What should I expect when I go home?
- An upset stomach and vomiting are common for the first 24 hours after surgery (due to anesthesia).
- This procedure is not very painful, but you may have a burning type pain for the first 1-2 days post op. You will be given prescriptions for antibiotics and pain medication, which you can start when you get home.
- You will not have nasal packing after surgery. However, there will be raw areas in your nose so expect bleeding and some blood clots for the first two weeks. You will need gauze pads to collect the drainage for the first few days.Your nose will also feel congested and blocked for the first 1 to 2 weeks, but it will not be bruised.
- Do not take any medicines that have not been prescribed or recommended by your doctor. Medicines like aspirin, ibuprofen, and many others will increase the risk of severe bleeding for 2 weeks after surgery. Only Tylenol is safe. If you are not sure if a medicine is safe, please call your doctor.
- You can resume normal activity as soon as you feel up to it, but you cannot perform sports or heavy exercise for the first 7-10 days. You may return to work when ready. Most patients return 3-5 days after surgery. Do not travel out of reach of your doctor before this time.
Post operative care
- Use the prescribed antibiotics starting the day after surgery. Use the pain medications as needed beginning when you get home but avoid aspirin and aspirin related products for 2 weeks.
- Use a humidifier/steam inhalation during the day (at least twice), for 15 minutes at a time for the first week.
- Irrigate your sinuses using saline sinus rinse twice a day starting the day after surgery.
- Use Afrin spray as needed for 3 days to clear nasal congestion.
- Use Neosporin on a Q-tip to clear crusting and dried blood from the nostrils.
- You can sleep with your head elevated or flat, whichever is more comfortable for you.
- You can eat or drink anything you want and shower whenever you like.
- Do not blow your nose for 2 days following surgery. You should sneeze with your mouth open if you have to sneeze.
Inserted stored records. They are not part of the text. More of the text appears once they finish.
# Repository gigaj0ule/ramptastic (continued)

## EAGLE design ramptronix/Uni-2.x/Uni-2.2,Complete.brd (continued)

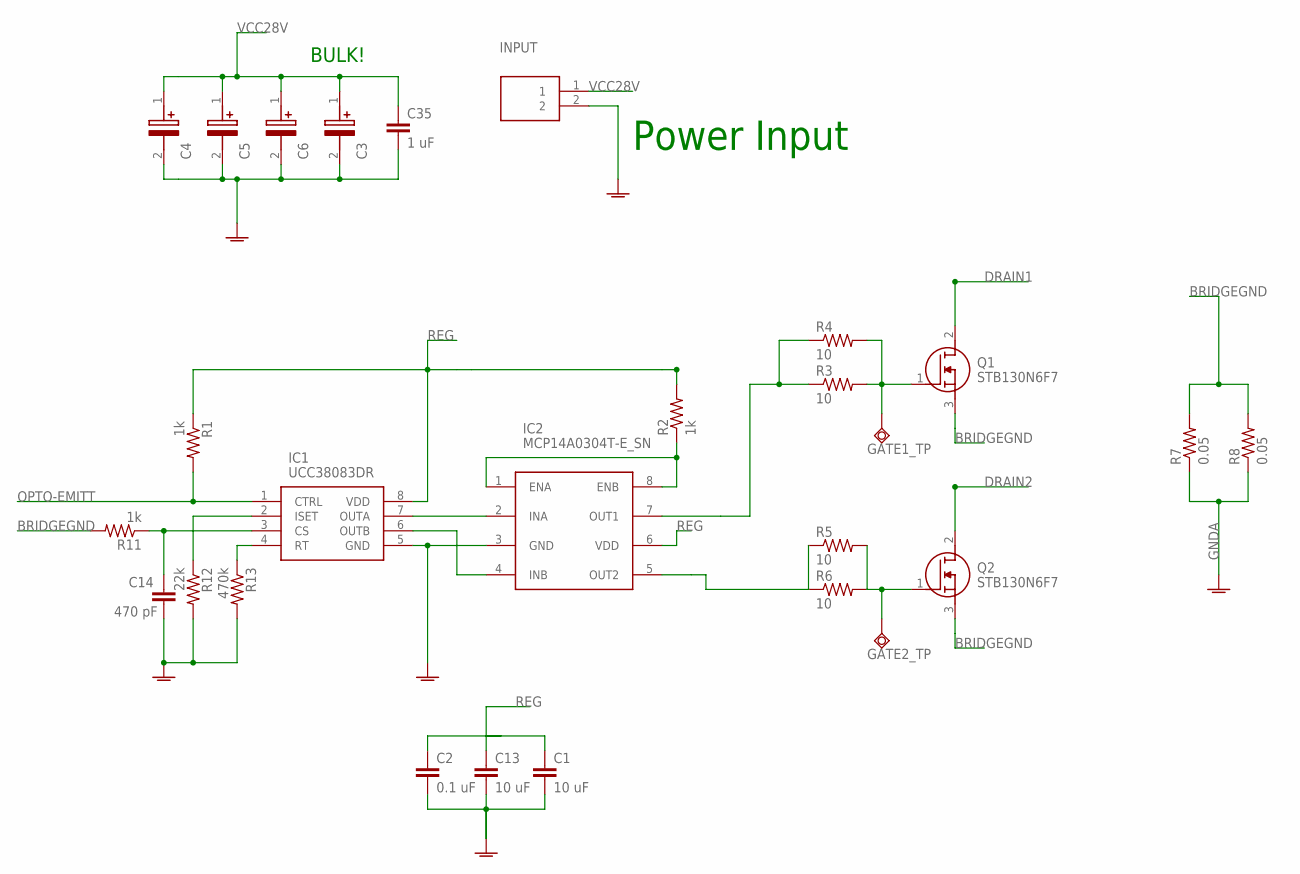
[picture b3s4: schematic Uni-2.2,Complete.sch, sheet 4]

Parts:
C1, C13: 10 uF; C0603K; LCSC_PART C440198
C2: 0.1 uF; C0603K; LCSC_PART C440198
C3, C4, C5, C6: OVK151M1VTR-10131; 16SVF1000M
C14: 470 pF; C0603K; LCSC_PART C1620
C35: 1 uF; C0805K; LCSC_PART C440198
GATE1_TP, GATE2_TP: TPSQPAD1-17; P1-17
IC1: UCC38083DR; SOIC127P600X175-8N
IC2: MCP14A0304T-E_SN; SOIC127P600X175-8N
INPUT: TB005-762-02BE; TB00576202BE
Q1, Q2: STB130N6F7; D2PAK
R1: 1k; R0603; LCSC_PART C22975
R2: 1k; R0402
R3, R4, R5, R6: 10; R0805
R7, R8: 0.05; R2512
R11: 1k; R0603; LCSC_PART C21190
R12: 22k; R0603; LCSC_PART C31850
R13: 470k; R0603; LCSC_PART C25811

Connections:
BRIDGEGND: Q1.3 (S), Q2.3 (S), R7.2, R8.2, R11.2
CS-IN: C14.1, IC1.3 (CS), R11.1
DRAIN1: Q1.2 (D); also elsewhere on the board
DRAIN2: Q2.2 (D); also elsewhere on the board
GNDA: C1.2, C2.2, C3.2 (-), C4.2 (-), C5.2 (-), C6.2 (-), C13.2, C14.2, C35.2, IC1.5 (GND), IC2.3 (GND), INPUT.2, R7.1, R8.1, R12.2, R13.2; also elsewhere on the board
unnamed: IC1.7 (OUTA), IC2.2 (INA)
unnamed: IC1.6 (OUTB), IC2.4 (INB)
unnamed: IC2.1 (ENA), IC2.8 (ENB), R2.1
unnamed: IC2.7 (OUT1), R3.1, R4.1
unnamed: IC2.5 (OUT2), R5.1, R6.1
unnamed: IC1.2 (ISET), R12.1
OPTO-EMITT: IC1.1 (CTRL), R1.2; also elsewhere on the board
Q1G: GATE1_TP.TP, Q1.1 (G), R3.2, R4.2
Q2G: GATE2_TP.TP, Q2.1 (G), R5.2, R6.2
REG: C1.1, C2.1, C13.1, IC1.8 (VDD), IC2.6 (VDD), R1.1, R2.2; also elsewhere on the board
RT: IC1.4 (RT), R13.1
VCC28V: C3.1 (+), C4.1 (+), C5.1 (+), C6.1 (+), C35.1, INPUT.1; also elsewhere on the board

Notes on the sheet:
BULK!
Power Input

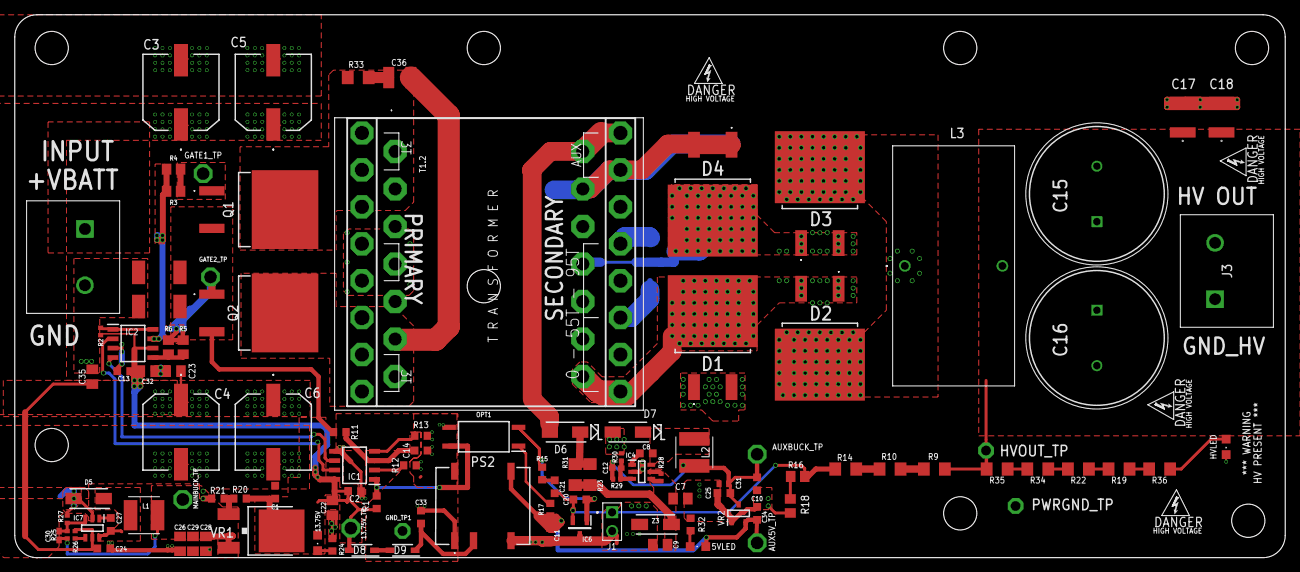
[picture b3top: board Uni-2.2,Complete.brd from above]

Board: 2 copper layers, 172.0 x 73.5 mm, 117 parts (1 on the bottom side), 56 nets.

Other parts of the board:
U$1, U$4: HV; PSFBC_ELECTRIC_SHOCK

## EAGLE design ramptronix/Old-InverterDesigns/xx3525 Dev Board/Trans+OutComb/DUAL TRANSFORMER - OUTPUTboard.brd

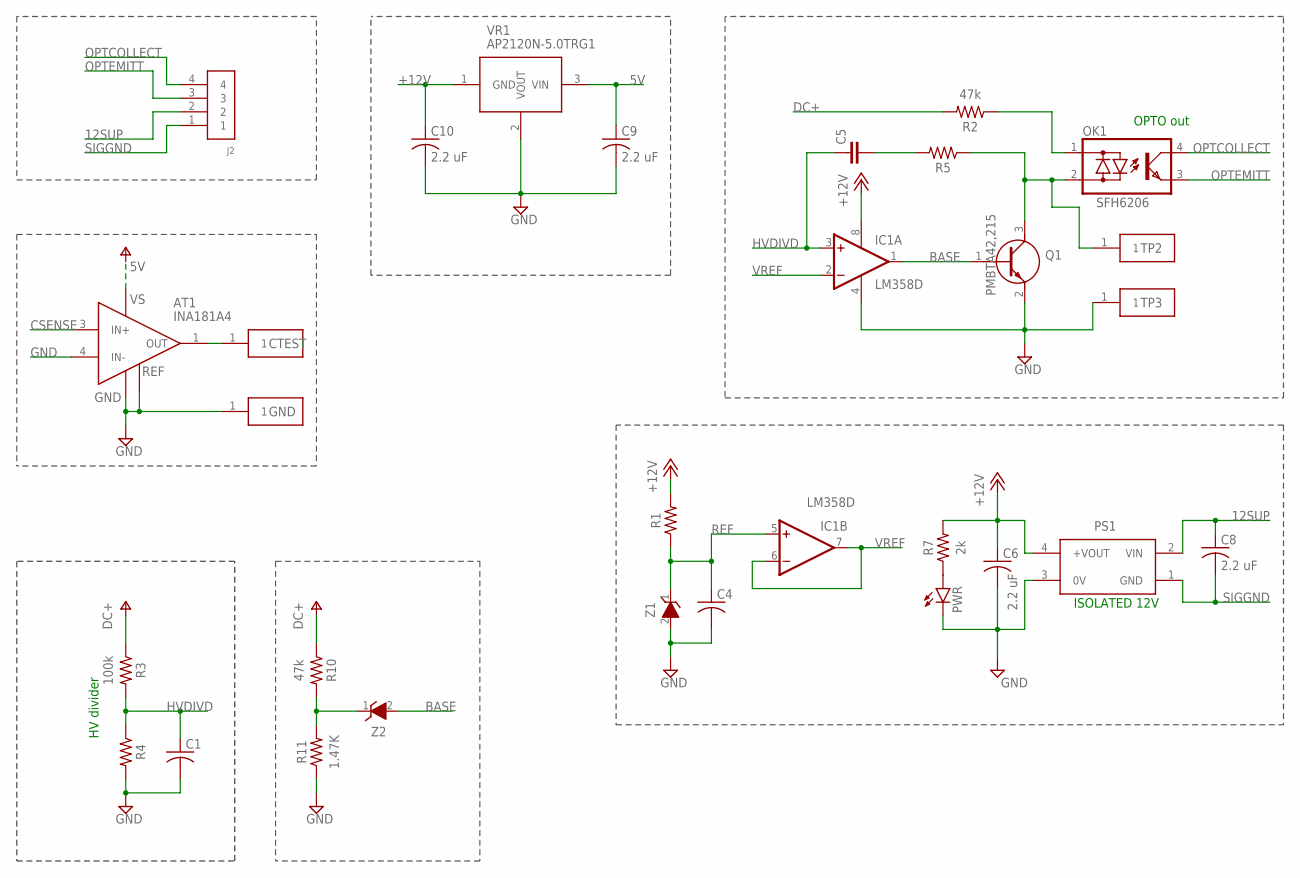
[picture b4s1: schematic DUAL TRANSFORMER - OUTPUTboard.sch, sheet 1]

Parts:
AT1: INA181A4; SOT95P280X145-6N
C1, C4: C-USC0805; C0805
C5: C-EUC0805; C0805
C6, C8, C9, C10: 2.2 uF; C0805
CTEST: RCT-0C
GND: RCT-0C
IC1: LM358D; SO08
J2: 61300411121
OK1: SFH6206; DIL4-SMD
PS1: PDSE1-S12-S3-SPDSE1S12S12S; PDSE1S12S3S
PWR: LEDSML0805; SML0805
Q1: PMBTA42,215; SOT95P230X110-3N
R1, R4, R5: R-US_CHIP-0805(2012-METRIC); RESC2012X65
R2, R10: 47k; MINI_MELF-0207R
R3: 100k; MINI_MELF-0207R
R7: 2k; RESC2012X65
R11: 1.47K; RESC2012X65
TP2, TP3: RCT-0C
VR1: AP2120N-5.0TRG1; SOT95P240X120-3N
Z1, Z2: BZT52-C5V1_R1_00001; SOD3816X135N; MOUSER_PART_NUMBER 241-BZT52C5V1

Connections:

- Do not participate in any activity which will increase the pressure in the sinuses. (i.e. bending over, lifting heavy objects, straining, working out) for one week following surgery.
- Reduce your workload. Most patients return to work 3-5 days after surgery.
- Your first post-operative visit should be 7-10 days after surgery. The second cleaning is one week after the first. During these visits your nose will be cleaned. It is somewhat uncomfortable, so you may want to take Vicodin beforehand. You will be able to breathe more clearly afterward.
- You can restart antihistamines 1 week and nasal steroid sprays 2 weeks after surgery.
- You may need more than two post-operative cleanings, depending on how you heal. The healing process is usually complete after 1 month.